To ensure that all the votes are recorded without being tempered, they need to appear as part of a Merkle Tree (like how git works). Each transaction begins with a base commit hash and stores the content of the voting record (ballot, vote), both of which would derive a new commit hash. The complete voting record (base commit hash, ballot, vote, new commit hash) is returned to the voter as a receipt, and the new hash is also used as the base commit hash for the next transaction. Once a vote is cast, the ballot certificate is no longer a secret.

This simplest form of the Merkle Tree is just a singly linked list, but this type of transaction is very inefficient, since it requires all the votes in the universe to be sequentialized (i.e. only one person can vote at any given time). A tree construction allows transactions to take place in parallel (i.e. many people can cast vote at the same time). First, vote commits are built sequentially as before, but when a good number of votes are collected, they are finalized into a block by recording the final commit hash of the block. Multiple blocks can be built concurrently and then merged into a superblock by creating a commit hash out of all the block hashes. Superblocks can be similarly merged, until the election is closed, at which point the whole election is given a final commit hash.

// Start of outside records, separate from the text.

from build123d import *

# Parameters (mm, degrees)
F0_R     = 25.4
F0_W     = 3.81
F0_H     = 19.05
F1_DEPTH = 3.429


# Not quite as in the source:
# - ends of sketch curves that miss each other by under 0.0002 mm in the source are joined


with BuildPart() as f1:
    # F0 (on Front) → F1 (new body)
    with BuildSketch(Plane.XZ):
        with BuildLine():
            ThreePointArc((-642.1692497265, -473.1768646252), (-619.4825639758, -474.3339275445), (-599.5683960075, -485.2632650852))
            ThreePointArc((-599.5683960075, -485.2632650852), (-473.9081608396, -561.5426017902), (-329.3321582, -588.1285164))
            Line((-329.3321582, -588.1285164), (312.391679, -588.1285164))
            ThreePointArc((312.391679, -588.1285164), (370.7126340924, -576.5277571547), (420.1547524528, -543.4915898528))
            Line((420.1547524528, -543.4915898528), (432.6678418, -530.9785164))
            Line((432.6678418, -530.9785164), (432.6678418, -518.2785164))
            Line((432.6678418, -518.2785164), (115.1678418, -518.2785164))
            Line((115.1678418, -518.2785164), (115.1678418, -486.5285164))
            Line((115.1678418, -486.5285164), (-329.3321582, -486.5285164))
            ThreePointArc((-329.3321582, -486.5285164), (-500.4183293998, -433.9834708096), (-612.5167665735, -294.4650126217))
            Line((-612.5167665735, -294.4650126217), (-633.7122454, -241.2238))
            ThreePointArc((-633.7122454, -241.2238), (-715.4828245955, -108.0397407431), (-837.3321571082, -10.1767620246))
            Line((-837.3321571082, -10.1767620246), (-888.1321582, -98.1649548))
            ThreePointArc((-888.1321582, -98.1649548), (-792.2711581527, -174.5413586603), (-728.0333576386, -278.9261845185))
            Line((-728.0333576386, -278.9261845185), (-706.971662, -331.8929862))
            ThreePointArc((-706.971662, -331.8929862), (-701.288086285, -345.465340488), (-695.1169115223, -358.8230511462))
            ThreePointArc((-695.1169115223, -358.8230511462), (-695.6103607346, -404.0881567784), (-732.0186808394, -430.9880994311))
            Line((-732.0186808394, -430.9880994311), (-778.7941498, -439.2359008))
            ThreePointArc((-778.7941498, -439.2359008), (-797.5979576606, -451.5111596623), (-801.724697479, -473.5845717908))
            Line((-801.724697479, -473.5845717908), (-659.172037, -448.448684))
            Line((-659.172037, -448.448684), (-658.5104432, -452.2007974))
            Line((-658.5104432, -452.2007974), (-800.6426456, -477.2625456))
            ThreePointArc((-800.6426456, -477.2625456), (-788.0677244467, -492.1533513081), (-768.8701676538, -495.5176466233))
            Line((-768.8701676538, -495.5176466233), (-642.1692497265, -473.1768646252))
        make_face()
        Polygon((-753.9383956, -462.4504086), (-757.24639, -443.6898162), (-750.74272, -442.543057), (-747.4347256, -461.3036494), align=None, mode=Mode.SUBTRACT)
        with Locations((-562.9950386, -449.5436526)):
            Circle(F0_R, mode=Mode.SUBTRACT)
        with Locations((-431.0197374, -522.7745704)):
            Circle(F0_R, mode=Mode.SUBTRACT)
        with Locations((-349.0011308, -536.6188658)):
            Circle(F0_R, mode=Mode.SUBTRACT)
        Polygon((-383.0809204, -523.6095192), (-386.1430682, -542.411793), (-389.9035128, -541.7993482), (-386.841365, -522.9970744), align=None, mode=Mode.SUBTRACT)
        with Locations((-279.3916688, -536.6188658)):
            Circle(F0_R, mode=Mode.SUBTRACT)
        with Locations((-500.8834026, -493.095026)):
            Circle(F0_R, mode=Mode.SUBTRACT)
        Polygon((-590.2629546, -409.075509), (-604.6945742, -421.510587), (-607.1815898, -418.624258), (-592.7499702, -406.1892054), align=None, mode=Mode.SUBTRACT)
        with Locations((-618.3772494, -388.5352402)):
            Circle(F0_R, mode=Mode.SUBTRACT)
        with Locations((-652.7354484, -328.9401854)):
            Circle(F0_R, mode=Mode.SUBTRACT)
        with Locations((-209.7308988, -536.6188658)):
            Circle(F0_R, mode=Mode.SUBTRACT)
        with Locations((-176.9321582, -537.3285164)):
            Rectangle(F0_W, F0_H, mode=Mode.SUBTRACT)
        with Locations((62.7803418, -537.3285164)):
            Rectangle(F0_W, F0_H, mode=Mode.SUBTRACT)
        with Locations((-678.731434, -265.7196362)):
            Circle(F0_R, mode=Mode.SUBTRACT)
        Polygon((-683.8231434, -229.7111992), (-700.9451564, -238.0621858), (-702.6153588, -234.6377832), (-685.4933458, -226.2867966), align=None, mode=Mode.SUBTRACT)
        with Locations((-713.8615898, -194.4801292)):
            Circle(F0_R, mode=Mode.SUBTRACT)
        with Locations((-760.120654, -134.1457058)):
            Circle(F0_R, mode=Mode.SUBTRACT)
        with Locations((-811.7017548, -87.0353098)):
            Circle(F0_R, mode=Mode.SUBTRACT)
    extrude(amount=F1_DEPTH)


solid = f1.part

This way, a voter can verify that their vote is counted in the election if they could trace their vote's commit hash all the way to the final election hash. If a vote is tempered with, the commit hash would change. If a block is tempered with, its block hash would change. If any merges are tempered with, the final election hash would change. Anyone could download the whole voting database and know that they have the complete, untempered copy. They can write software to independently verify the Merkle Tree without trusting the software that generated it.

The electronic ballot certificate could be printed on paper as a 2D barcode, which allows the bearer to cast the vote as a paper ballot. When voting in person, the voting machine would scan the barcode, ask for voter input, conduct the transaction, then print out the receipt with the commit hash. If this 2D barcode is a QR code, it could be scanned by a mobile app for possibly voting by phone, but the risk is that a malware app could steal the ballot and cast the vote without the voter's knowledge.

I believe this system is secure and practical, but I haven't spent too much time agonizing over it to tell for sure. I purposefully avoided mentioning the word "blockchain" because many people use that buzzword without knowing what it really means. Even though a blockchain is built using a Merkle Tree as well, it limits the rate of transactions globally to 5 per second (really low) through proof of work. The proof of work was invented for Bitcoin to impose artificial scarcity to the cryptocurrency. In the context of election, scarcity may be able to mitigate large scale fraud, but this is not a good way for ensuring election integrity.